Oh for sure CUDA is utterly dominant and i don't think there is much AMD can do about that and they are trying, ROCm translates a lot of CUDA code and it works well but this is AMD admitting CUDA is everything.Software could also mean software support, as in 3rd party applications that make use of CUDA cores (for example) to accelerate their workloads.
It really is a shame that AMD can't find this performance sooner, like before the reviews are done.
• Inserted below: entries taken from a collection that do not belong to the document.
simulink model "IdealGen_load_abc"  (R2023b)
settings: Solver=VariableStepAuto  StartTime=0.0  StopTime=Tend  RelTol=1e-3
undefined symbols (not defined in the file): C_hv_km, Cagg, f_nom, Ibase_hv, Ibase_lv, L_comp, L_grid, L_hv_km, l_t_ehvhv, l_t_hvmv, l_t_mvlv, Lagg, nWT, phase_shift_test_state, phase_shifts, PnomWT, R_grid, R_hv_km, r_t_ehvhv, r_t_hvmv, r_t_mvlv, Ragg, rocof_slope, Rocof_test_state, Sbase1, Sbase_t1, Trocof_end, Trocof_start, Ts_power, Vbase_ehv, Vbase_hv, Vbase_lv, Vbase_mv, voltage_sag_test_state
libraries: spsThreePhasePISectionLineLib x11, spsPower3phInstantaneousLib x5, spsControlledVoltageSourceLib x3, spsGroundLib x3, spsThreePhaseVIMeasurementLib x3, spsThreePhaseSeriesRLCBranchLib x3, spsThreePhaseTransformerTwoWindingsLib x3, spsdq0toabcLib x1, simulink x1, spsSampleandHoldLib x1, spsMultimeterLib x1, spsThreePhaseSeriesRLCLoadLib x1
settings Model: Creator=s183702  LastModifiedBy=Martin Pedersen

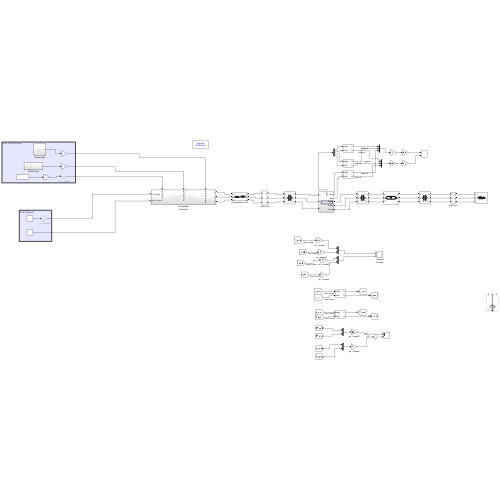
[thumbnail: Simulink's stored preview of the top-level diagram]
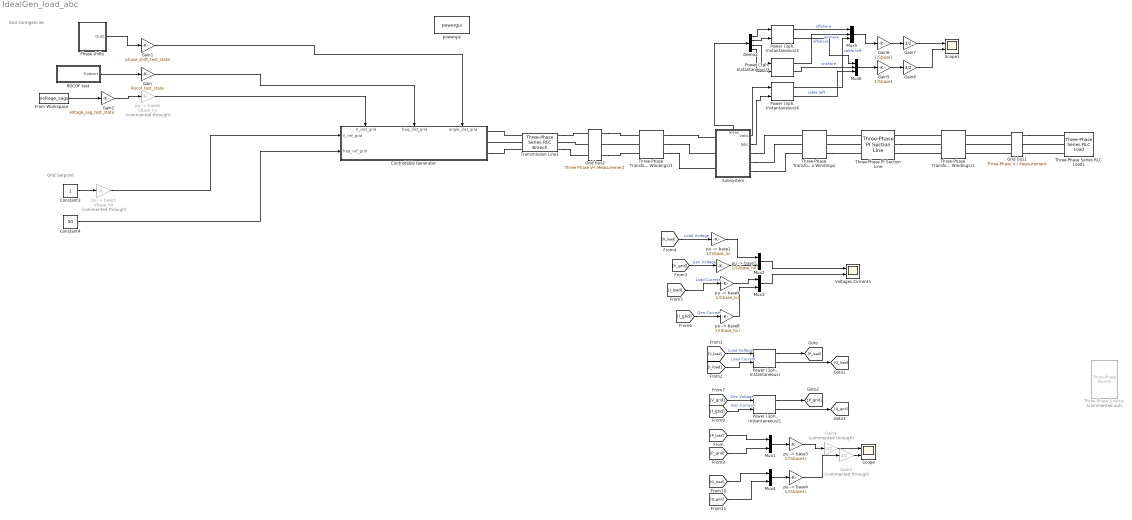
== system IdealGen_load_abc ==
  note: Grid Contigencies
  note: Grid Setpoint
  Constant3 : Constant
  Constant4 : Constant  Value=50
  Controllable Generator : Subsystem
      settings: PortSchema="{\"entries\":[{\"content\":{\"sides\":[{\"content\":{\"connectorIds\":[\"In1\",\"In2\"]},\"type\":\"ConnectorPlacement.EquallySpacedRectSide\",\"uuid\":\"c82e3ee4-47de-4631-9682-a189e406d2fd\"},{\"content\":{\"connectorIds\":[\"RConn1\",\"RConn2\",\"RConn3\"],\"side\":\"RIGHT\"},\"type\":\"ConnectorPlacement.EquallySpacedRectSide\",\"uuid\":\"b806e225-811d-4112-8c3d-45e9b8086e84\"},{\"content\":{\"connectorIds\":[\"In3\",\"In4\",\"In5\"],\"side\":\"TOP\"},\"type\":\"ConnectorPlacement.EquallySpacedRectSide\",\"uuid\":\"c79b677b-bc74-4454-b0f0-10f0f27e0767\"}]},\"type\":\"ConnectorPlacement.EquallySpacedConnector\",\"uuid\":\"44354c03-b4f0-403a-803b-b669dc1296a6\"}],\"packageUris\":[\"http://schema.mathworks.com/mf0/Connector/R2020b\"],\"version\":\"1.0\"}"
  Demux : Demux
  From Workspace : FromWorkspace  VariableName=voltage_sags
  Gain : Gain  Gain=Rocof_test_state
  Gain1 : Gain  Gain=phase_shift_test_state
  Gain2 : Gain  Gain=voltage_sag_test_state
  Gain3 : Gain  Commented=through  Gain=3/2
  Gain4 : Gain  Commented=through  Gain=3/2
  Gain5 : Gain  Gain=1/Sbase1
  Gain6 : Gain  Gain=1/Sbase1
  Gain7 : Gain  Gain=3/2
  Gain8 : Gain  Gain=3/2
  Grid bus1 : spsThreePhaseVIMeasurementLib/Three-Phase V-I Measurement  VoltageMeasurement=phase-to-phase  SetLabelV=on  LabelV=V_load  Vpu=off  VpuLL=off  CurrentMeasurement=yes  SetLabelI=on  LabelI=I_load  Ipu=off  Pbase=100e6  Vbase=500e3  OutputType=Complex  PhasorSimulation=off  PSBequivalent=0
  Grid bus2 : spsThreePhaseVIMeasurementLib/Three-Phase V-I Measurement  VoltageMeasurement=phase-to-phase  SetLabelV=on  LabelV=V_grid  Vpu=off  VpuLL=off  CurrentMeasurement=yes  SetLabelI=on  LabelI=I_grid  Ipu=off  Pbase=100e6  Vbase=500e3  OutputType=Complex  PhasorSimulation=off  PSBequivalent=0
  Mux{1..4} (4 alike) : Mux  Inputs=2
  Mux5 : Mux  Inputs=3
  Mux6 : Mux  Inputs=3
  Phase shifts : Subsystem
  Power (3ph, Instantaneous){,1..4} (5 alike) : spsPower3phInstantaneousLib/Power (3ph, Instantaneous)
  ROCOF test : Subsystem
  Scope : Scope  NumInputPorts=2
  Scope1 : Scope  NumInputPorts=2
  Subsystem : Subsystem
      settings: PortSchema="{\"entries\":[{\"content\":{\"sides\":[{\"content\":{\"connectorIds\":[\"LConn1\",\"LConn2\",\"LConn3\"]},\"type\":\"ConnectorPlacement.EquallySpacedRectSide\",\"uuid\":\"1e75b8ae-1ae2-41d3-b362-6bec791dcf00\"},{\"content\":{\"connectorIds\":[\"Out1\",\"Out2\",\"RConn1\",\"RConn2\",\"RConn3\"],\"side\":\"RIGHT\"},\"type\":\"ConnectorPlacement.EquallySpacedRectSide\",\"uuid\":\"b9649e6f-c713-4552-95ab-bed4ae3fc4ed\"},{\"content\":{\"connectorIds\":[\"Out3\"],\"side\":\"TOP\"},\"type\":\"ConnectorPlacement.EquallySpacedRectSide\",\"uuid\":\"245e241a-8feb-4dbf-8b97-336629a28915\"}]},\"type\":\"ConnectorPlacement.EquallySpacedConnector\",\"uuid\":\"8d181cc9-19cf-4cb2-b946-858b4ed04b70\"}],\"packageUris\":[\"http://schema.mathworks.com/mf0/Connector/R2020b\"],\"version\":\"1.0\"}"
  Three-Phase PI Section Line : spsThreePhasePISectionLineLib/Three-Phase PI Section Line  LConnTagsString=a|b|c  RConnTagsString=A|B|C  Length=1  Frequency=50  Resistances=[ 1 3]*Ragg  Inductances=[ 1 3]*Lagg  Capacitances=[ 1 0.6]*Cagg
  Three-Phase Series RLC Load1 : spsThreePhaseSeriesRLCLoadLib/Three-Phase Series RLC Load  LConnTagsString=A|B|C  Configuration=Y (grounded)  NominalVoltage=Vbase_lv*sqrt(3/2)  Vabc=[1e3 1e3 1e3]  Vabcp=[1e3 1e3 1e3]  NominalFrequency=f_nom  UnbalancedPower=off  ActivePower=PnomWT*nWT  InductivePower=0  CapacitivePower=0  Pabc=[10e3 9e3 11e3]  QLabc=[100 90 110]  QCabc=[100 90 110]  Pabcp=[10e3 9e3 11e3]  QLabcp=[100 90 110]  QCabcp=[100 90 110]  Measurements=None  LoadType=constant PQ
  Three-Phase Transformer (Two Windings) : spsThreePhaseTransformerTwoWindingsLib/Three-Phase Transformer (Two Windings)  Winding1Connection=Yg  Winding2Connection=Yg  CoreType=Three single-phase transformers  SetSaturation=off  Hysteresis=off  DataFile='hysteresis'  SetInitialFlux=off  Measurements=None  UNITS=pu  NominalPower=[ Sbase1 , f_nom ]  Winding1=[ Vbase_hv*sqrt(3/2) , r_t_hvmv/2 , l_t_hvmv/2]  Winding2=[ Vbase_mv*sqrt(3/2) , r_t_hvmv/2, l_t_hvmv/2 ]  Rm=500  Lm=500  L0=0.5  Saturation=[ 0,0 ; 0.0024,1.2 ; 1.0,1.52 ]  InitialFluxes=[ 0.8 , -0.8 , 0.7 ]  BreakLoop=off  DiscreteSolver=Trapezoidal iterative  DataType=off  TransfoNumber=1
  Three-Phase Transformer (Two Windings)1 : spsThreePhaseTransformerTwoWindingsLib/Three-Phase Transformer (Two Windings)  Winding1Connection=Yg  Winding2Connection=Yg  CoreType=Three single-phase transformers  SetSaturation=off  Hysteresis=off  DataFile='hysteresis'  SetInitialFlux=off  Measurements=None  UNITS=pu  NominalPower=[ Sbase_t1 , f_nom ]  Winding1=[ Vbase_mv*sqrt(3/2) , r_t_mvlv/2 , l_t_mvlv/2]  Winding2=[ Vbase_lv*sqrt(3/2) , r_t_mvlv/2, l_t_mvlv/2 ]  Rm=500  Lm=500  L0=0.5  Saturation=[ 0,0 ; 0.0024,1.2 ; 1.0,1.52 ]  InitialFluxes=[ 0.8 , -0.8 , 0.7 ]  BreakLoop=off  DiscreteSolver=Trapezoidal iterative  DataType=off  TransfoNumber=1
  Three-Phase Transformer (Two Windings)3 : spsThreePhaseTransformerTwoWindingsLib/Three-Phase Transformer (Two Windings)  Winding1Connection=Yg  Winding2Connection=Yg  CoreType=Three single-phase transformers  SetSaturation=off  Hysteresis=off  DataFile='hysteresis'  SetInitialFlux=off  Measurements=None  UNITS=pu  NominalPower=[ Sbase1*1.05, f_nom ]  Winding1=[ Vbase_ehv*sqrt(3/2) , r_t_ehvhv/2 , l_t_ehvhv/2]  Winding2=[ Vbase_hv*sqrt(3/2) ,r_t_ehvhv/2 , l_t_ehvhv/2 ]  Rm=500  Lm=500  L0=0.5  Saturation=[ 0,0 ; 0.0024,1.2 ; 1.0,1.52 ]  InitialFluxes=[ 0.8 , -0.8 , 0.7 ]  BreakLoop=off  DiscreteSolver=Trapezoidal iterative  DataType=off  TransfoNumber=1
  Three-Phase Source : spsThreePhaseSourceLib/Three-Phase Source  Commented=on  InternalConnection=Yg  VoltagePhases=off  Voltage=0.8*Vbase_lv*sqrt(3)/sqrt(2)  PhaseAngle=0  Voltage_phases=[25e3 25e3 25e3]/sqrt(3)  PhaseAngles_phases=[0 -120 +120]  Frequency=50  NonIdealSource=off  SpecifyImpedance=off  Resistance=0.8929  Inductance=16.58e-3  ShortCircuitLevel=100e6  BaseVoltage=25e3  XRratio=7  BusType=swing  Pref=10e3  Qref=0  Prefabc=[10e3, 10e3, 10e3]  Qrefabc=[0, 0, 0]  Qmin=-inf  Qmax=inf
  Transmission Line1 : spsThreePhaseSeriesRLCBranchLib/Three-Phase Series RLC Branch  LConnTagsString=A|B|C  RConnTagsString=A|B|C  BranchType=RL  Resistance=R_grid  Inductance=L_grid  Capacitance=0  Measurements=None
  Voltages Currents : Scope  NumInputPorts=2
  powergui : spspowerguiLib/powergui  Priority=1  SimulationMode=Discrete  SampleTime=Ts_power  frequency=60  Iterations=50  frequencyindice=50  Pbase=100e6  ErrMax=1e-4  UnitsV=kV  UnitsW=MW  buscounter=0  FunctionMessages=off  echomessages=off  EnableUseOfTLC=off  CurrentSourceSwitches=off  DisableSnubberDevices=off  DisableRonSwitches=off  DisableVfSwitches=off  DisplayEquations=off  AutomaticDiscreteSolvers=off  SolverType=Tustin/Backward Euler (TBE)  Interpol=off  ExternalGateDelay=off  methode=off  Ts=100  x0status=blocks  SPID=on  SwTol=0  HookPort=off  NonlinearTolerance=1e-4  nMaxIteration=100  ContinueOnMaxIteration=off  RestoreLinks=warning  ResistiveCurrentMeasurement=off  Frange=[0:2:500]  Ylog=off  Xlog=on  ShowGrid=off  save=off  variable=ZData  structure=0  ZoomFFT=off  StartTime=0.0  cycles=1  DisplayStyle=1  fundamental=60  FreqAxis=off  MaxFrequency=1000  frequencyindicesteady=1  RmsSteady=1  display=off
  "pu -> base1" : Gain  Gain=1/(Vbase_lv)
  "pu -> base3" : Gain  Gain=1/(Sbase1)
  "pu -> base4" : Gain  Gain=1/(Sbase1)
  "pu -> base5" : Gain  Commented=through  Gain=Vbase_hv
  "pu -> base6" : Gain  Commented=through  Gain=Vbase_hv
  "pu -> base7" : Gain  Gain=1/(Vbase_hv)
  "pu -> base8" : Gain  Gain=1/(Ibase_hv)
  "pu -> base9" : Gain  Gain=1/(Ibase_lv)
  wires:
  [I_load] -> "pu -> base9"/1  "Load Current"
  [V_load] -> "pu -> base1"/1  "Load Voltage"
  [V_grid] -> "pu -> base7"/1  "Gen Voltage"
  [I_grid] -> "pu -> base8"/1  "Gen Current"
  Mux3/1 -> Voltages Currents/2
  "pu -> base5"/1 -> Controllable Generator/1(V_ref_grid)
  Constant4/1 -> Controllable Generator/2(freq_ref_grid)
  Gain/1 -> Controllable Generator/4(freq_dist_grid)
  Gain1/1 -> Controllable Generator/5(angle_dist_grid)
  [V_load] -> "Power (3ph, Instantaneous)"/1  "Load Voltage"
  [I_load] -> "Power (3ph, Instantaneous)"/2  "Load Current"
  [V_grid] -> "Power (3ph, Instantaneous)1"/1  "Gen Voltage"
  [I_grid] -> "Power (3ph, Instantaneous)1"/2  "Gen Current"
  "Power (3ph, Instantaneous)"/1 -> [P_load]
  "Power (3ph, Instantaneous)"/2 -> [Q_load]
  "Power (3ph, Instantaneous)1"/1 -> [P_grid]
  "Power (3ph, Instantaneous)1"/2 -> [Q_grid]
  [Q_load] -> Mux4/1
  [Q_grid] -> Mux4/2
  [P_grid] -> Mux1/2
  [P_load] -> Mux1/1
  Mux4/1 -> "pu -> base4"/1
  Mux1/1 -> "pu -> base3"/1
  "pu -> base3"/1 -> Gain4/1
  "pu -> base4"/1 -> Gain3/1
  Constant3/1 -> "pu -> base5"/1
  Phase shifts/1(Out2) -> Gain1/1
  From Workspace/1 -> Gain2/1
  ROCOF test/1(Outport) -> Gain/1
  "pu -> base6"/1 -> Controllable Generator/3(V_dist_grid)
  Gain2/1 -> "pu -> base6"/1
  Mux2/1 -> Voltages Currents/1
  "pu -> base1"/1 -> Mux2/1
  "pu -> base7"/1 -> Mux2/2
  "pu -> base8"/1 -> Mux3/2
  "pu -> base9"/1 -> Mux3/1
  Gain3/1 -> Scope/2
  Gain4/1 -> Scope/1
  "Power (3ph, Instantaneous)3"/1 -> Mux5/2  "onshore"
  Demux/3 -> "Power (3ph, Instantaneous)3"/1
  Demux/2 -> "Power (3ph, Instantaneous)2"/2
  Subsystem/3(meas) -> Demux/1
  "Power (3ph, Instantaneous)2"/1 -> Mux5/1  "offshore"
  "Power (3ph, Instantaneous)3"/2 -> Mux6/2  "onshore"
  Demux/4 -> "Power (3ph, Instantaneous)3"/2
  "Power (3ph, Instantaneous)2"/2 -> Mux6/1  "offshore"
  Demux/1 -> "Power (3ph, Instantaneous)2"/1
  "Power (3ph, Instantaneous)4"/1 -> Mux5/3  "cable left"
  "Power (3ph, Instantaneous)4"/2 -> Mux6/3  "cable left"
  Mux5/1 -> Gain6/1
  Mux6/1 -> Gain5/1
  Gain6/1 -> Gain7/1
  Gain5/1 -> Gain8/1
  Gain7/1 -> Scope1/1
  Gain8/1 -> Scope1/2
  Subsystem/1(Vabc) -> "Power (3ph, Instantaneous)4"/1
  Subsystem/2(Iabc) -> "Power (3ph, Instantaneous)4"/2
  connections:
  Three-Phase Transformer (Two Windings)1/LConn1 -- Three-Phase PI Section Line/RConn1
  Grid bus1/RConn1 -- Three-Phase Series RLC Load1/LConn1
  Three-Phase Series RLC Load1/LConn2 -- Grid bus1/RConn2
  Grid bus1/RConn3 -- Three-Phase Series RLC Load1/LConn3
  Transmission Line1/RConn1 -- Grid bus2/LConn1
  Grid bus2/LConn2 -- Transmission Line1/RConn2
  Transmission Line1/RConn3 -- Grid bus2/LConn3
  Transmission Line1/LConn1 -- Controllable Generator/RConn1
  Transmission Line1/LConn2 -- Controllable Generator/RConn2
  Controllable Generator/RConn3 -- Transmission Line1/LConn3
  Three-Phase PI Section Line/LConn2 -- Three-Phase Transformer (Two Windings)/RConn2
  Three-Phase PI Section Line/LConn1 -- Three-Phase Transformer (Two Windings)/RConn1
  Three-Phase Transformer (Two Windings)/RConn3 -- Three-Phase PI Section Line/LConn3
  Three-Phase PI Section Line/RConn2 -- Three-Phase Transformer (Two Windings)1/LConn2
  Three-Phase Transformer (Two Windings)1/LConn3 -- Three-Phase PI Section Line/RConn3
  Grid bus1/LConn1 -- Three-Phase Transformer (Two Windings)1/RConn1
  Grid bus1/LConn2 -- Three-Phase Transformer (Two Windings)1/RConn2
  Grid bus1/LConn3 -- Three-Phase Transformer (Two Windings)1/RConn3
  Three-Phase Transformer (Two Windings)3/LConn2 -- Grid bus2/RConn2
  Grid bus2/RConn1 -- Three-Phase Transformer (Two Windings)3/LConn1
  Grid bus2/RConn3 -- Three-Phase Transformer (Two Windings)3/LConn3
  Three-Phase Transformer (Two Windings)3/RConn1 -- Subsystem/LConn1
  Subsystem/RConn1 -- Three-Phase Transformer (Two Windings)/LConn1
  Three-Phase Transformer (Two Windings)3/RConn2 -- Subsystem/LConn2
  Subsystem/RConn2 -- Three-Phase Transformer (Two Windings)/LConn2
  Three-Phase Transformer (Two Windings)3/RConn3 -- Subsystem/LConn3
  Subsystem/RConn3 -- Three-Phase Transformer (Two Windings)/LConn3

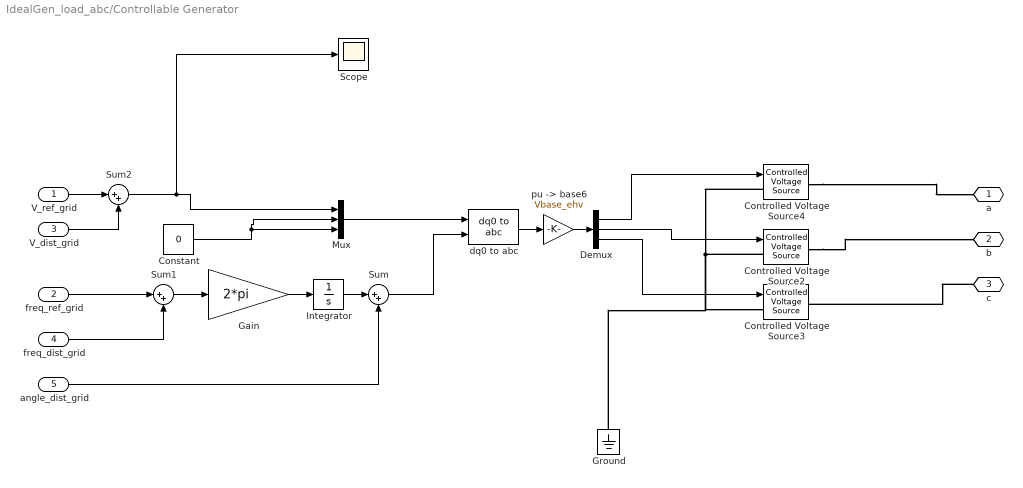
== system IdealGen_load_abc/Controllable Generator ==
  V_ref_grid : Inport
  freq_ref_grid : Inport  Port=2
  V_dist_grid : Inport  Port=3
  freq_dist_grid : Inport  Port=4
  angle_dist_grid : Inport  Port=5
  Constant : Constant  Value=0
  Controlled Voltage Source2 : spsControlledVoltageSourceLib/Controlled Voltage Source  Initialize=on  Source_Type=AC  Amplitude=Vbase_hv  Phase=-120  Frequency=50  Measurements=None
  Controlled Voltage Source3 : spsControlledVoltageSourceLib/Controlled Voltage Source  Initialize=on  Source_Type=AC  Amplitude=Vbase_hv  Phase=120  Frequency=50  Measurements=None
  Controlled Voltage Source4 : spsControlledVoltageSourceLib/Controlled Voltage Source  Initialize=on  Source_Type=AC  Amplitude=Vbase_hv  Phase=0  Frequency=50  Measurements=None
  Demux : Demux  Outputs=3
  Gain : Gain  Gain=2*pi
  Ground : spsGroundLib/Ground  LConnTagsString=a
  Integrator : Integrator
  Mux : Mux  Inputs=3
  Scope : Scope
  Sum : Sum  Inputs=|++
  Sum1 : Sum  Inputs=|++
  Sum2 : Sum  Inputs=|++
  dq0 to abc : spsdq0toabcLib/dq0 to abc  Alignment=90 degrees behind phase A axis
  "pu -> base6" : Gain  Gain=Vbase_ehv
  a : PMIOPort  Side=Right
  b : PMIOPort  Port=2  Side=Right
  c : PMIOPort  Port=3  Side=Right
  wires:
  Demux/1 -> Controlled Voltage Source4/1
  Demux/2 -> Controlled Voltage Source2/1
  Demux/3 -> Controlled Voltage Source3/1
  Mux/1 -> dq0 to abc/1
  Constant/1 -> Mux/2, Mux/3
  dq0 to abc/1 -> "pu -> base6"/1
  Sum2/1 -> Scope/1, Mux/1
  Gain/1 -> Integrator/1
  Integrator/1 -> Sum/1
  angle_dist_grid/1 -> Sum/2
  freq_dist_grid/1 -> Sum1/2
  Sum1/1 -> Gain/1
  freq_ref_grid/1 -> Sum1/1
  Sum/1 -> dq0 to abc/2
  V_ref_grid/1 -> Sum2/1
  V_dist_grid/1 -> Sum2/2
  "pu -> base6"/1 -> Demux/1
  connections:
  Controlled Voltage Source2/LConn1 -- Controlled Voltage Source4/LConn1 -- Ground/LConn1 -- Controlled Voltage Source3/LConn1
  c/RConn1 -- Controlled Voltage Source3/RConn1
  Controlled Voltage Source4/RConn1 -- a/RConn1
  Controlled Voltage Source2/RConn1 -- b/RConn1

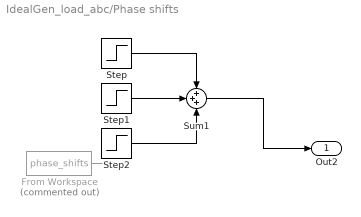
== system IdealGen_load_abc/Phase shifts ==
  From Workspace : FromWorkspace  Commented=on  VariableName=phase_shifts  OutputAfterFinalValue=Setting to zero
  Step : Step  Time=phase_shifts(1,1)  After=phase_shifts(1,2)  SampleTime=0
  Step1 : Step  Time=phase_shifts(2,1)  After=phase_shifts(2,2)  SampleTime=0
  Step2 : Step  Time=phase_shifts(3,1)  After=phase_shifts(3,2)  SampleTime=0
  Sum1 : Sum  Inputs=+++
  Out2 : Outport
  wires:
  Sum1/1 -> Out2/1
  Step/1 -> Sum1/1
  Step2/1 -> Sum1/3
  From Workspace/1 -> ?
  Step1/1 -> Sum1/2

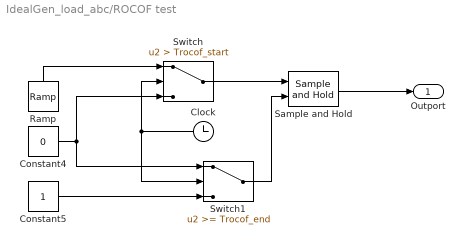
== system IdealGen_load_abc/ROCOF test ==
  Clock : Clock
  Constant4 : Constant  Value=0
  Constant5 : Constant
  Ramp : simulink/Sources/Ramp  slope=rocof_slope  start=Trocof_start  InitialOutput=0
  Sample and Hold : spsSampleandHoldLib/Sample and Hold  ic=0  Ts=0
      settings: LibrarySourceBlock=|
      | sps_lib/Control/Sample and
      | Hold
  Switch : Switch  Criteria=u2 > Threshold  Threshold=Trocof_start  SaturateOnIntegerOverflow=off  InputSameDT=off
  Switch1 : Switch  Threshold=Trocof_end  SaturateOnIntegerOverflow=off  InputSameDT=off
  Outport : Outport
  wires:
  Clock/1 -> Switch/2, Switch1/2
  Constant4/1 -> Switch/3, Switch1/1
  Sample and Hold/1 -> Outport/1
  Ramp/1 -> Switch/1
  Constant5/1 -> Switch1/3
  Switch/1 -> Sample and Hold/1
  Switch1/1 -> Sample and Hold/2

I guess these drivers might get used if a site/channel reviews the refresh cards (such as the SUPERs or whatever AMD may have).
This generation more than ever you have to wonder if Nvidia are getting the most out of their cards or if their drivers are just continuously poor and leaving performance on the table on top of the other issues they have.
Although I will admit regardless of which brand I own I don't tend to update drivers once I've found something that seems stable (unless a driver fixes a specific issue I have).
Another mistake they made was with RDNA, (1, 2 and 3) don't have 'Tensor Cores' and what you now have in RDNA 4 are Tensor Cores, those are needed for the kind of DLSS that Nvidia have been doing for years, this is why FSR 4 is such a big leap to catch up with Nvidia, its now the same thing, Tensor Cores were reserved for CDNA (Workstation GPU's)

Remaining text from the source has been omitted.